Looks to be a global outage across Americas, Europe, APAC, and Africa. Office 365 is still up for us, but colleagues are saying theirs is down as well.
Looks like all three major cloud platforms are experiencing problems right now. Could be internet related?
everything is labeled severity 1. I've had three dozen of them in the last two months.
only 2 of them were actually severity 1 when seen from my point of view, most of the other had impact on part of the infra I don't use or datacenter we don't have res, so filtering relevant messages would be a good start.
(that's not to say the other sev 1 were mislabeled, but we keep our cloud services integration to a minimum precisely to avoid these interruption from failing dependencies.)
but what is really annoying is that when one actual sev 1 that requires machine reboots happens (we had 3 in two years, so not even that bad), there's no way to manually anticipate the reboot ourselves to perform a staggered reload.
On a more serious note it's cool to see how far the IBM cloud has come (terrible name, but oh well) but they still seem a few years behind the major players
What are you trying to say exactly?
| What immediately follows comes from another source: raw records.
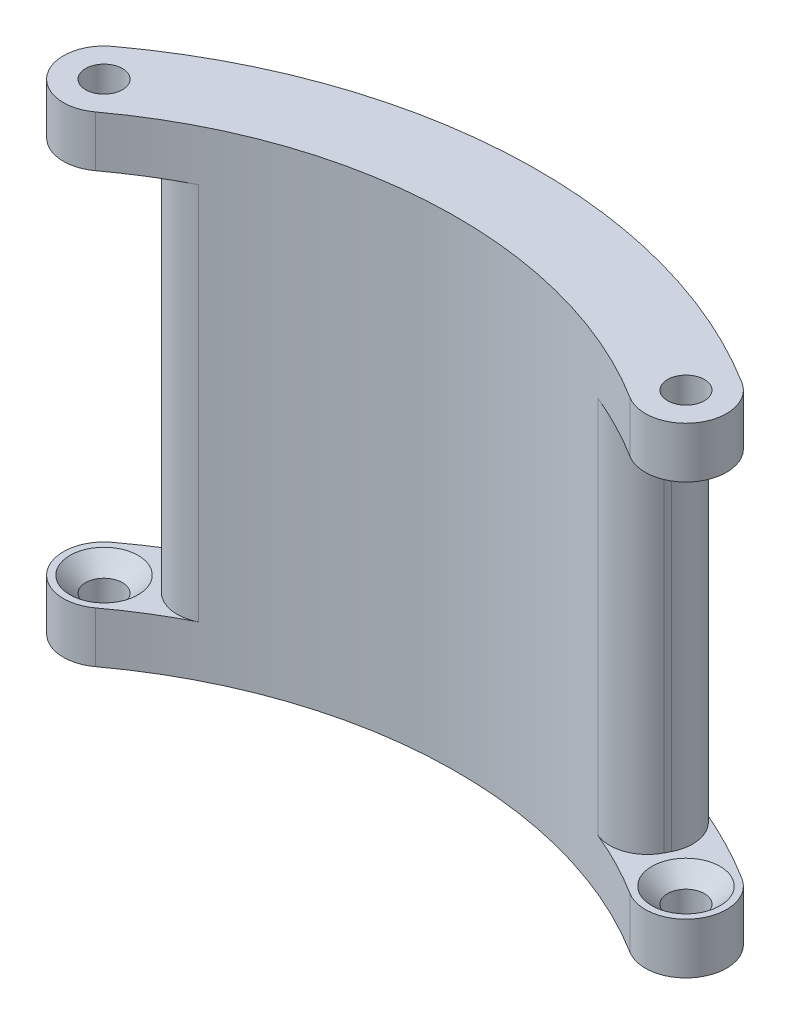
ISO-10303-21;
HEADER;
FILE_DESCRIPTION(('STEP AP214'),'2;1');
FILE_NAME('part.step','',(''),(''),'','','');
FILE_SCHEMA(('AUTOMOTIVE_DESIGN { 1 0 10303 214 1 1 1 1 }'));
ENDSEC;
DATA;
#1=APPLICATION_CONTEXT('core data for automotive mechanical design processes');
#2=APPLICATION_PROTOCOL_DEFINITION('international standard','automotive_design',2000,#1);
#3=PRODUCT_CONTEXT('',#1,'mechanical');
#4=PRODUCT('Part','Part','',(#3));
#5=PRODUCT_RELATED_PRODUCT_CATEGORY('part','',(#4));
#6=PRODUCT_DEFINITION_FORMATION('','',#4);
#7=PRODUCT_DEFINITION_CONTEXT('part definition',#1,'design');
#8=PRODUCT_DEFINITION('design','',#6,#7);
#9=PRODUCT_DEFINITION_SHAPE('','',#8);
#10=(LENGTH_UNIT() NAMED_UNIT(*) SI_UNIT(.MILLI.,.METRE.));
#11=(NAMED_UNIT(*) PLANE_ANGLE_UNIT() SI_UNIT($,.RADIAN.));
#12=(NAMED_UNIT(*) SI_UNIT($,.STERADIAN.) SOLID_ANGLE_UNIT());
#13=UNCERTAINTY_MEASURE_WITH_UNIT(LENGTH_MEASURE(1.E-05),#10,'distance_accuracy_value','');
#14=(GEOMETRIC_REPRESENTATION_CONTEXT(3) GLOBAL_UNCERTAINTY_ASSIGNED_CONTEXT((#13)) GLOBAL_UNIT_ASSIGNED_CONTEXT((#10,
#11,#12)) REPRESENTATION_CONTEXT('',''));
#15=CARTESIAN_POINT('',(0.,0.,0.));
#16=DIRECTION('',(0.,0.,1.));
#17=DIRECTION('',(1.,0.,0.));
#18=AXIS2_PLACEMENT_3D('',#15,#16,#17);
#19=CARTESIAN_POINT('',(12.1963109176505,4.699,-19.5));
#20=DIRECTION('',(0.,-1.,0.));
#21=DIRECTION('',(0.,0.,-1.));
#22=AXIS2_PLACEMENT_3D('',#19,#20,#21);
#23=PLANE('',#22);
#24=CARTESIAN_POINT('',(24.3926218353009,4.69899999999995,-39.));
#25=DIRECTION('',(0.,1.,0.));
#26=DIRECTION('',(0.,0.,1.));
#27=AXIS2_PLACEMENT_3D('',#24,#25,#26);
#28=CIRCLE('',#27,3.15);
#29=CARTESIAN_POINT('',(24.3926218353009,4.69899999999995,-35.8500000000001));
#30=VERTEX_POINT('',#29);
#31=EDGE_CURVE('E215',#30,#30,#28,.T.);
#32=ORIENTED_EDGE('',*,*,#31,.F.);
#33=EDGE_LOOP('',(#32));
#34=FACE_BOUND('',#33,.T.);
#35=DIRECTION('',(0.454541757838843,0.,-0.890725429288271));
#36=VECTOR('',#35,1.);
#37=CARTESIAN_POINT('',(19.2043892686911,4.69899999999995,-37.6331493874295));
#38=LINE('',#37,#36);
#39=CARTESIAN_POINT('',(20.7343421689309,4.69899999999995,-40.6312632688389));
#40=VERTEX_POINT('',#39);
#41=CARTESIAN_POINT('',(20.9622737989176,4.69899999999995,-41.0779207991253));
#42=VERTEX_POINT('',#41);
#43=EDGE_CURVE('E204',#40,#42,#38,.T.);
#44=ORIENTED_EDGE('',*,*,#43,.F.);
#45=CARTESIAN_POINT('',(17.6168031664219,4.69899999999995,-42.2221594212748));
#46=DIRECTION('',(0.,-1.,0.));
#47=DIRECTION('',(0.,0.,-1.));
#48=AXIS2_PLACEMENT_3D('',#45,#46,#47);
#49=CIRCLE('',#48,3.5);
#50=CARTESIAN_POINT('',(16.2690695908486,4.69899999999995,-38.992048864456));
#51=VERTEX_POINT('',#50);
#52=EDGE_CURVE('E58',#40,#51,#49,.T.);
#53=ORIENTED_EDGE('',*,*,#52,.T.);
#54=CARTESIAN_POINT('',(0.,4.69900000000001,0.));
#55=DIRECTION('',(0.,-1.,0.));
#56=DIRECTION('',(0.,0.,-1.));
#57=AXIS2_PLACEMENT_3D('',#54,#55,#56);
#58=CIRCLE('',#57,42.25);
#59=CARTESIAN_POINT('',(22.4040928813362,4.69899999999995,-35.8206521739131));
#60=VERTEX_POINT('',#59);
#61=EDGE_CURVE('E228',#51,#60,#58,.T.);
#62=ORIENTED_EDGE('',*,*,#61,.T.);
#63=CARTESIAN_POINT('',(24.3926218353009,4.69899999999995,-39.));
#64=DIRECTION('',(0.,1.,0.));
#65=DIRECTION('',(0.,0.,-1.));
#66=AXIS2_PLACEMENT_3D('',#63,#64,#65);
#67=CIRCLE('',#66,3.75);
#68=CARTESIAN_POINT('',(26.3811507892657,4.69900000000001,-42.179347826087));
#69=VERTEX_POINT('',#68);
#70=EDGE_CURVE('E227',#60,#69,#67,.T.);
#71=ORIENTED_EDGE('',*,*,#70,.T.);
#72=CARTESIAN_POINT('',(0.,4.69900000000001,0.));
#73=DIRECTION('',(0.,1.,0.));
#74=DIRECTION('',(0.,0.,-1.));
#75=AXIS2_PLACEMENT_3D('',#72,#73,#74);
#76=CIRCLE('',#75,49.75);
#77=CARTESIAN_POINT('',(19.1951471593801,4.69900000000006,-45.8978085046524));
#78=VERTEX_POINT('',#77);
#79=EDGE_CURVE('E231',#69,#78,#76,.T.);
#80=ORIENTED_EDGE('',*,*,#79,.T.);
#81=CARTESIAN_POINT('',(17.8447347964087,4.69899999999995,-42.6688169515612));
#82=DIRECTION('',(0.,-1.,0.));
#83=DIRECTION('',(0.,0.,-1.));
#84=AXIS2_PLACEMENT_3D('',#81,#82,#83);
#85=CIRCLE('',#84,3.5);
#86=EDGE_CURVE('E44',#78,#42,#85,.T.);
#87=ORIENTED_EDGE('',*,*,#86,.T.);
#88=EDGE_LOOP('',(#44,#53,#62,#71,#80,#87));
#89=FACE_BOUND('',#88,.T.);
#90=ADVANCED_FACE('F36',(#34,#89),#23,.F.);
#91=CARTESIAN_POINT('',(-27.3313007374329,4.69899999999999,-37.));
#92=DIRECTION('',(0.,1.,0.));
#93=DIRECTION('',(0.,0.,1.));
#94=AXIS2_PLACEMENT_3D('',#91,#92,#93);
#95=CIRCLE('',#94,3.15);
#96=CARTESIAN_POINT('',(-27.3313007374329,4.69899999999999,-33.85));
#97=VERTEX_POINT('',#96);
#98=EDGE_CURVE('E206',#97,#97,#95,.T.);
#99=ORIENTED_EDGE('',*,*,#98,.F.);
#100=EDGE_LOOP('',(#99));
#101=FACE_BOUND('',#100,.T.);
#102=DIRECTION('',(0.521964813189454,0.,0.852967017997823));
#103=VECTOR('',#102,1.);
#104=CARTESIAN_POINT('',(-22.0530133572545,4.699,-36.037856510408));
#105=LINE('',#104,#103);
#106=CARTESIAN_POINT('',(-24.0716482892592,4.69899999999999,-39.3366018949046));
#107=VERTEX_POINT('',#106);
#108=CARTESIAN_POINT('',(-23.8099071211173,4.69899999999999,-38.908878458313));
#109=VERTEX_POINT('',#108);
#110=EDGE_CURVE('E163',#107,#109,#105,.T.);
#111=ORIENTED_EDGE('',*,*,#110,.F.);
#112=CARTESIAN_POINT('',(-21.0862637262669,4.69899999999999,-41.1634787410676));
#113=DIRECTION('',(0.,-1.,0.));
#114=DIRECTION('',(0.,0.,-1.));
#115=AXIS2_PLACEMENT_3D('',#112,#113,#114);
#116=CIRCLE('',#115,3.5);
#117=CARTESIAN_POINT('',(-22.6819809812275,4.699,-44.2785528079592));
#118=VERTEX_POINT('',#117);
#119=EDGE_CURVE('E278',#107,#118,#116,.T.);
#120=ORIENTED_EDGE('',*,*,#119,.T.);
#121=CARTESIAN_POINT('',(-29.5593959062454,4.69899999999999,-40.0163043478261));
#122=VERTEX_POINT('',#121);
#123=EDGE_CURVE('E230',#118,#122,#76,.T.);
#124=ORIENTED_EDGE('',*,*,#123,.T.);
#125=CARTESIAN_POINT('',(-27.3313007374329,4.69899999999999,-37.));
#126=DIRECTION('',(0.,1.,0.));
#127=DIRECTION('',(0.,0.,1.));
#128=AXIS2_PLACEMENT_3D('',#125,#126,#127);
#129=CIRCLE('',#128,3.75);
#130=CARTESIAN_POINT('',(-25.1032055686204,4.69899999999999,-33.983695652174));
#131=VERTEX_POINT('',#130);
#132=EDGE_CURVE('E233',#122,#131,#129,.T.);
#133=ORIENTED_EDGE('',*,*,#132,.T.);
#134=CARTESIAN_POINT('',(-19.2313896848257,4.69900000000001,-37.6193587238057));
#135=VERTEX_POINT('',#134);
#136=EDGE_CURVE('E225',#131,#135,#58,.T.);
#137=ORIENTED_EDGE('',*,*,#136,.T.);
#138=CARTESIAN_POINT('',(-20.8245225581249,4.69899999999999,-40.7357553044761));
#139=DIRECTION('',(0.,-1.,0.));
#140=DIRECTION('',(0.,0.,-1.));
#141=AXIS2_PLACEMENT_3D('',#138,#139,#140);
#142=CIRCLE('',#141,3.5);
#143=EDGE_CURVE('E273',#135,#109,#142,.T.);
#144=ORIENTED_EDGE('',*,*,#143,.T.);
#145=EDGE_LOOP('',(#111,#120,#124,#133,#137,#144));
#146=FACE_BOUND('',#145,.T.);
#147=ADVANCED_FACE('F307',(#101,#146),#23,.F.);
#148=CARTESIAN_POINT('',(0.,4.69900000000001,0.));
#149=DIRECTION('',(0.,-1.,0.));
#150=DIRECTION('',(0.,0.,-1.));
#151=AXIS2_PLACEMENT_3D('',#148,#149,#150);
#152=CYLINDRICAL_SURFACE('',#151,42.25);
#153=DIRECTION('',(0.,-1.,0.));
#154=VECTOR('',#153,1.);
#155=CARTESIAN_POINT('',(-19.2313896848257,4.69900000000001,-37.6193587238057));
#156=LINE('',#155,#154);
#157=CARTESIAN_POINT('',(-19.2313896848258,39.651,-37.6193587238058));
#158=VERTEX_POINT('',#157);
#159=EDGE_CURVE('E256',#158,#135,#156,.T.);
#160=ORIENTED_EDGE('',*,*,#159,.T.);
#161=ORIENTED_EDGE('',*,*,#136,.F.);
#162=DIRECTION('',(0.,-1.,0.));
#163=VECTOR('',#162,1.);
#164=CARTESIAN_POINT('',(-25.1032055686204,4.69899999999999,-33.983695652174));
#165=LINE('',#164,#163);
#166=CARTESIAN_POINT('',(-25.1032055686205,0.,-33.983695652174));
#167=VERTEX_POINT('',#166);
#168=EDGE_CURVE('E235',#131,#167,#165,.T.);
#169=ORIENTED_EDGE('',*,*,#168,.T.);
#170=CARTESIAN_POINT('',(0.,0.,0.));
#171=DIRECTION('',(0.,-1.,0.));
#172=DIRECTION('',(0.,0.,-1.));
#173=AXIS2_PLACEMENT_3D('',#170,#171,#172);
#174=CIRCLE('',#173,42.25);
#175=CARTESIAN_POINT('',(22.4040928813362,0.,-35.8206521739131));
#176=VERTEX_POINT('',#175);
#177=EDGE_CURVE('E224',#167,#176,#174,.T.);
#178=ORIENTED_EDGE('',*,*,#177,.T.);
#179=DIRECTION('',(0.,-1.,0.));
#180=VECTOR('',#179,1.);
#181=CARTESIAN_POINT('',(22.4040928813362,4.69899999999995,-35.8206521739131));
#182=LINE('',#181,#180);
#183=EDGE_CURVE('E252',#60,#176,#182,.T.);
#184=ORIENTED_EDGE('',*,*,#183,.F.);
#185=ORIENTED_EDGE('',*,*,#61,.F.);
#186=DIRECTION('',(0.,-1.,0.));
#187=VECTOR('',#186,1.);
#188=CARTESIAN_POINT('',(16.2690695908486,4.69899999999995,-38.992048864456));
#189=LINE('',#188,#187);
#190=CARTESIAN_POINT('',(16.2690695908486,39.651,-38.992048864456));
#191=VERTEX_POINT('',#190);
#192=EDGE_CURVE('E170',#51,#191,#189,.F.);
#193=ORIENTED_EDGE('',*,*,#192,.T.);
#194=CARTESIAN_POINT('',(0.,39.651,0.));
#195=DIRECTION('',(0.,-1.,0.));
#196=DIRECTION('',(0.,0.,-1.));
#197=AXIS2_PLACEMENT_3D('',#194,#195,#196);
#198=CIRCLE('',#197,42.25);
#199=CARTESIAN_POINT('',(22.4040928813362,39.651,-35.8206521739131));
#200=VERTEX_POINT('',#199);
#201=EDGE_CURVE('E167',#191,#200,#198,.T.);
#202=ORIENTED_EDGE('',*,*,#201,.T.);
#203=DIRECTION('',(0.,1.,0.));
#204=VECTOR('',#203,1.);
#205=CARTESIAN_POINT('',(22.4040928813362,39.651,-35.8206521739131));
#206=LINE('',#205,#204);
#207=CARTESIAN_POINT('',(22.4040928813361,44.35,-35.8206521739131));
#208=VERTEX_POINT('',#207);
#209=EDGE_CURVE('E151',#200,#208,#206,.T.);
#210=ORIENTED_EDGE('',*,*,#209,.T.);
#211=CARTESIAN_POINT('',(0.,44.35,0.));
#212=DIRECTION('',(0.,-1.,0.));
#213=DIRECTION('',(0.,0.,-1.));
#214=AXIS2_PLACEMENT_3D('',#211,#212,#213);
#215=CIRCLE('',#214,42.25);
#216=CARTESIAN_POINT('',(-25.1032055686205,44.35,-33.983695652174));
#217=VERTEX_POINT('',#216);
#218=EDGE_CURVE('E188',#217,#208,#215,.T.);
#219=ORIENTED_EDGE('',*,*,#218,.F.);
#220=DIRECTION('',(0.,1.,0.));
#221=VECTOR('',#220,1.);
#222=CARTESIAN_POINT('',(-25.1032055686204,39.651,-33.9836956521739));
#223=LINE('',#222,#221);
#224=CARTESIAN_POINT('',(-25.1032055686204,39.651,-33.9836956521739));
#225=VERTEX_POINT('',#224);
#226=EDGE_CURVE('E187',#225,#217,#223,.T.);
#227=ORIENTED_EDGE('',*,*,#226,.F.);
#228=EDGE_CURVE('E173',#225,#158,#198,.T.);
#229=ORIENTED_EDGE('',*,*,#228,.T.);
#230=EDGE_LOOP('',(#160,#161,#169,#178,#184,#185,#193,#202,#210,#219,#227,#229));
#231=FACE_BOUND('',#230,.T.);
#232=ADVANCED_FACE('F169',(#231),#152,.F.);
#233=CARTESIAN_POINT('',(24.3926218353009,4.69899999999995,-39.));
#234=DIRECTION('',(0.,-1.,0.));
#235=DIRECTION('',(0.,0.,-1.));
#236=AXIS2_PLACEMENT_3D('',#233,#234,#235);
#237=CYLINDRICAL_SURFACE('',#236,3.75);
#238=CARTESIAN_POINT('',(24.3926218353009,0.,-39.));
#239=DIRECTION('',(0.,1.,0.));
#240=DIRECTION('',(0.,0.,-1.));
#241=AXIS2_PLACEMENT_3D('',#238,#239,#240);
#242=CIRCLE('',#241,3.75);
#243=CARTESIAN_POINT('',(26.3811507892656,0.,-42.179347826087));
#244=VERTEX_POINT('',#243);
#245=EDGE_CURVE('E238',#176,#244,#242,.T.);
#246=ORIENTED_EDGE('',*,*,#245,.T.);
#247=DIRECTION('',(0.,-1.,0.));
#248=VECTOR('',#247,1.);
#249=CARTESIAN_POINT('',(26.3811507892657,4.69900000000001,-42.179347826087));
#250=LINE('',#249,#248);
#251=EDGE_CURVE('E249',#69,#244,#250,.T.);
#252=ORIENTED_EDGE('',*,*,#251,.F.);
#253=ORIENTED_EDGE('',*,*,#70,.F.);
#254=ORIENTED_EDGE('',*,*,#183,.T.);
#255=EDGE_LOOP('',(#246,#252,#253,#254));
#256=FACE_BOUND('',#255,.T.);
#257=ADVANCED_FACE('F330',(#256),#237,.T.);
#258=CARTESIAN_POINT('',(0.,4.69900000000001,0.));
#259=DIRECTION('',(0.,-1.,0.));
#260=DIRECTION('',(0.,0.,-1.));
#261=AXIS2_PLACEMENT_3D('',#258,#259,#260);
#262=CYLINDRICAL_SURFACE('',#261,49.75);
#263=ORIENTED_EDGE('',*,*,#123,.F.);
#264=DIRECTION('',(0.,-1.,0.));
#265=VECTOR('',#264,1.);
#266=CARTESIAN_POINT('',(-22.6819809812275,4.699,-44.2785528079592));
#267=LINE('',#266,#265);
#268=CARTESIAN_POINT('',(-22.6819809812275,39.651,-44.2785528079592));
#269=VERTEX_POINT('',#268);
#270=EDGE_CURVE('E266',#118,#269,#267,.F.);
#271=ORIENTED_EDGE('',*,*,#270,.T.);
#272=CARTESIAN_POINT('',(0.,39.651,0.));
#273=DIRECTION('',(0.,1.,0.));
#274=DIRECTION('',(0.,0.,-1.));
#275=AXIS2_PLACEMENT_3D('',#272,#273,#274);
#276=CIRCLE('',#275,49.75);
#277=CARTESIAN_POINT('',(-29.5593959062454,39.651,-40.0163043478261));
#278=VERTEX_POINT('',#277);
#279=EDGE_CURVE('E178',#269,#278,#276,.T.);
#280=ORIENTED_EDGE('',*,*,#279,.T.);
#281=DIRECTION('',(0.,1.,0.));
#282=VECTOR('',#281,1.);
#283=CARTESIAN_POINT('',(-29.5593959062454,39.651,-40.0163043478261));
#284=LINE('',#283,#282);
#285=CARTESIAN_POINT('',(-29.5593959062454,44.3500000000001,-40.0163043478262));
#286=VERTEX_POINT('',#285);
#287=EDGE_CURVE('E198',#278,#286,#284,.T.);
#288=ORIENTED_EDGE('',*,*,#287,.T.);
#289=CARTESIAN_POINT('',(0.,44.35,0.));
#290=DIRECTION('',(0.,1.,0.));
#291=DIRECTION('',(0.,0.,-1.));
#292=AXIS2_PLACEMENT_3D('',#289,#290,#291);
#293=CIRCLE('',#292,49.75);
#294=CARTESIAN_POINT('',(26.3811507892656,44.35,-42.179347826087));
#295=VERTEX_POINT('',#294);
#296=EDGE_CURVE('E192',#295,#286,#293,.T.);
#297=ORIENTED_EDGE('',*,*,#296,.F.);
#298=DIRECTION('',(0.,1.,0.));
#299=VECTOR('',#298,1.);
#300=CARTESIAN_POINT('',(26.3811507892657,39.651,-42.179347826087));
#301=LINE('',#300,#299);
#302=CARTESIAN_POINT('',(26.3811507892657,39.651,-42.179347826087));
#303=VERTEX_POINT('',#302);
#304=EDGE_CURVE('E164',#303,#295,#301,.T.);
#305=ORIENTED_EDGE('',*,*,#304,.F.);
#306=CARTESIAN_POINT('',(19.1951471593801,39.651,-45.8978085046524));
#307=VERTEX_POINT('',#306);
#308=EDGE_CURVE('E177',#303,#307,#276,.T.);
#309=ORIENTED_EDGE('',*,*,#308,.T.);
#310=DIRECTION('',(0.,-1.,0.));
#311=VECTOR('',#310,1.);
#312=CARTESIAN_POINT('',(19.1951471593802,4.69900000000006,-45.8978085046524));
#313=LINE('',#312,#311);
#314=EDGE_CURVE('E263',#307,#78,#313,.T.);
#315=ORIENTED_EDGE('',*,*,#314,.T.);
#316=ORIENTED_EDGE('',*,*,#79,.F.);
#317=ORIENTED_EDGE('',*,*,#251,.T.);
#318=CARTESIAN_POINT('',(0.,0.,0.));
#319=DIRECTION('',(0.,1.,0.));
#320=DIRECTION('',(0.,0.,-1.));
#321=AXIS2_PLACEMENT_3D('',#318,#319,#320);
#322=CIRCLE('',#321,49.75);
#323=CARTESIAN_POINT('',(-29.5593959062454,0.,-40.0163043478261));
#324=VERTEX_POINT('',#323);
#325=EDGE_CURVE('E240',#244,#324,#322,.T.);
#326=ORIENTED_EDGE('',*,*,#325,.T.);
#327=DIRECTION('',(0.,-1.,0.));
#328=VECTOR('',#327,1.);
#329=CARTESIAN_POINT('',(-29.5593959062454,4.69899999999999,-40.0163043478261));
#330=LINE('',#329,#328);
#331=EDGE_CURVE('E246',#122,#324,#330,.T.);
#332=ORIENTED_EDGE('',*,*,#331,.F.);
#333=EDGE_LOOP('',(#263,#271,#280,#288,#297,#305,#309,#315,#316,#317,#326,#332));
#334=FACE_BOUND('',#333,.T.);
#335=ADVANCED_FACE('F326',(#334),#262,.T.);
#336=CARTESIAN_POINT('',(-27.3313007374329,4.69899999999999,-37.));
#337=DIRECTION('',(0.,-1.,0.));
#338=DIRECTION('',(0.,0.,-1.));
#339=AXIS2_PLACEMENT_3D('',#336,#337,#338);
#340=CYLINDRICAL_SURFACE('',#339,3.75);
#341=CARTESIAN_POINT('',(-27.331300737433,0.,-37.0000000000001));
#342=DIRECTION('',(0.,1.,0.));
#343=DIRECTION('',(0.,0.,1.));
#344=AXIS2_PLACEMENT_3D('',#341,#342,#343);
#345=CIRCLE('',#344,3.75);
#346=EDGE_CURVE('E242',#324,#167,#345,.T.);
#347=ORIENTED_EDGE('',*,*,#346,.T.);
#348=ORIENTED_EDGE('',*,*,#168,.F.);
#349=ORIENTED_EDGE('',*,*,#132,.F.);
#350=ORIENTED_EDGE('',*,*,#331,.T.);
#351=EDGE_LOOP('',(#347,#348,#349,#350));
#352=FACE_BOUND('',#351,.T.);
#353=ADVANCED_FACE('F322',(#352),#340,.T.);
#354=CARTESIAN_POINT('',(12.1963109176504,0.,-19.4999999999999));
#355=DIRECTION('',(0.,-1.,0.));
#356=DIRECTION('',(0.,0.,-1.));
#357=AXIS2_PLACEMENT_3D('',#354,#355,#356);
#358=PLANE('',#357);
#359=CARTESIAN_POINT('',(-27.331300737433,0.,-37.0000000000001));
#360=DIRECTION('',(0.,1.,0.));
#361=DIRECTION('',(0.,0.,1.));
#362=AXIS2_PLACEMENT_3D('',#359,#360,#361);
#363=CIRCLE('',#362,1.7);
#364=CARTESIAN_POINT('',(-27.331300737433,0.,-35.3000000000001));
#365=VERTEX_POINT('',#364);
#366=EDGE_CURVE('E212',#365,#365,#363,.T.);
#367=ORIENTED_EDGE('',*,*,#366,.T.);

And why should customers turn their attention to IBM?
All US based really is not a selling point.
As a European, I wouldn't bet my company (if I had one ;)) on a provider who's engineers are all in a TZ 5-8 hours different from me.
(you might want to put some sort of contact method in your profile in case people want to reach out to you)
If you want to promote your product, more apropos and therefore constructive would be a comment detailing why it did not suffer the same outage, or justified speculation why its competitors did. Engage in the conversation rather than just naming a list of features.
But, I see things like https://github.com/IBM-Cloud/terraform-provider-ibm exist, so it must be at least reasonably usable.
What's a reason why someone would consider this over the big three, besides sweetheart deals for big customers?
Seems like they have tons of global dependencies within their services which cause these cascading failures rather often... Seems like only a few months ago we were reading about a global outage that affected auth?
Tho for w/e reason i cannot convince higher ups, that the switch was a stupid idea. But hey! We got some credits to spend in Azure to compensate. (Too bad we had to pay our clients with real cash)
I'm exaggerating, of course, but from my POV Azure looks subsidised.
Our interaction with the GCP sales team has repeatedly been aggressive US based sales agents, whereas Microsoft sent us to deal with (incompetent) sales agents out of India after promising us significant startup credits when we crossed paths with them at a conference near Seattle.
They had cooling issues at one of their data centers that took most of South Central off line for hours to days, depending on the services you were using
Honestly, I can't think of a single reason why I would recommend them over anyone else at this point, no matter what your hosting or storage or computing needs were. Can't see a single area where they are better than the competition.
We used to use AWS and had issues a lot. I've seen global GCS outrages. Today we were effected be the Azure outage, but only for about 15 minutes.
In any case, I think you are right that apples-to-apples for most things they generally shake out the same in theory.
Azure is a freaking mess. If it hadn't been Microsoft we were selling to, we'd have never used it.
This isn’t “legacy” code that has migrated from cobol to vb to c#, this is modern code and to suffer this bs time and time again is unforgivable
We SE keep whining about legacy code but forget that they made it to legacy for a reason...
Our customer was bashing us if they were unable to use our product for several minutes but when Azure was down for a day there were no complaints to Microsoft. (they were hosting our product at Azure)
I don't understand their love of Microsoft. I guess because they have Microsoft certificates like generals have.
The entire "heres free ELA credits for Azure, please please Mr Sr Director/CIO use Azure" seems to be working, but then they go and do stuff like this.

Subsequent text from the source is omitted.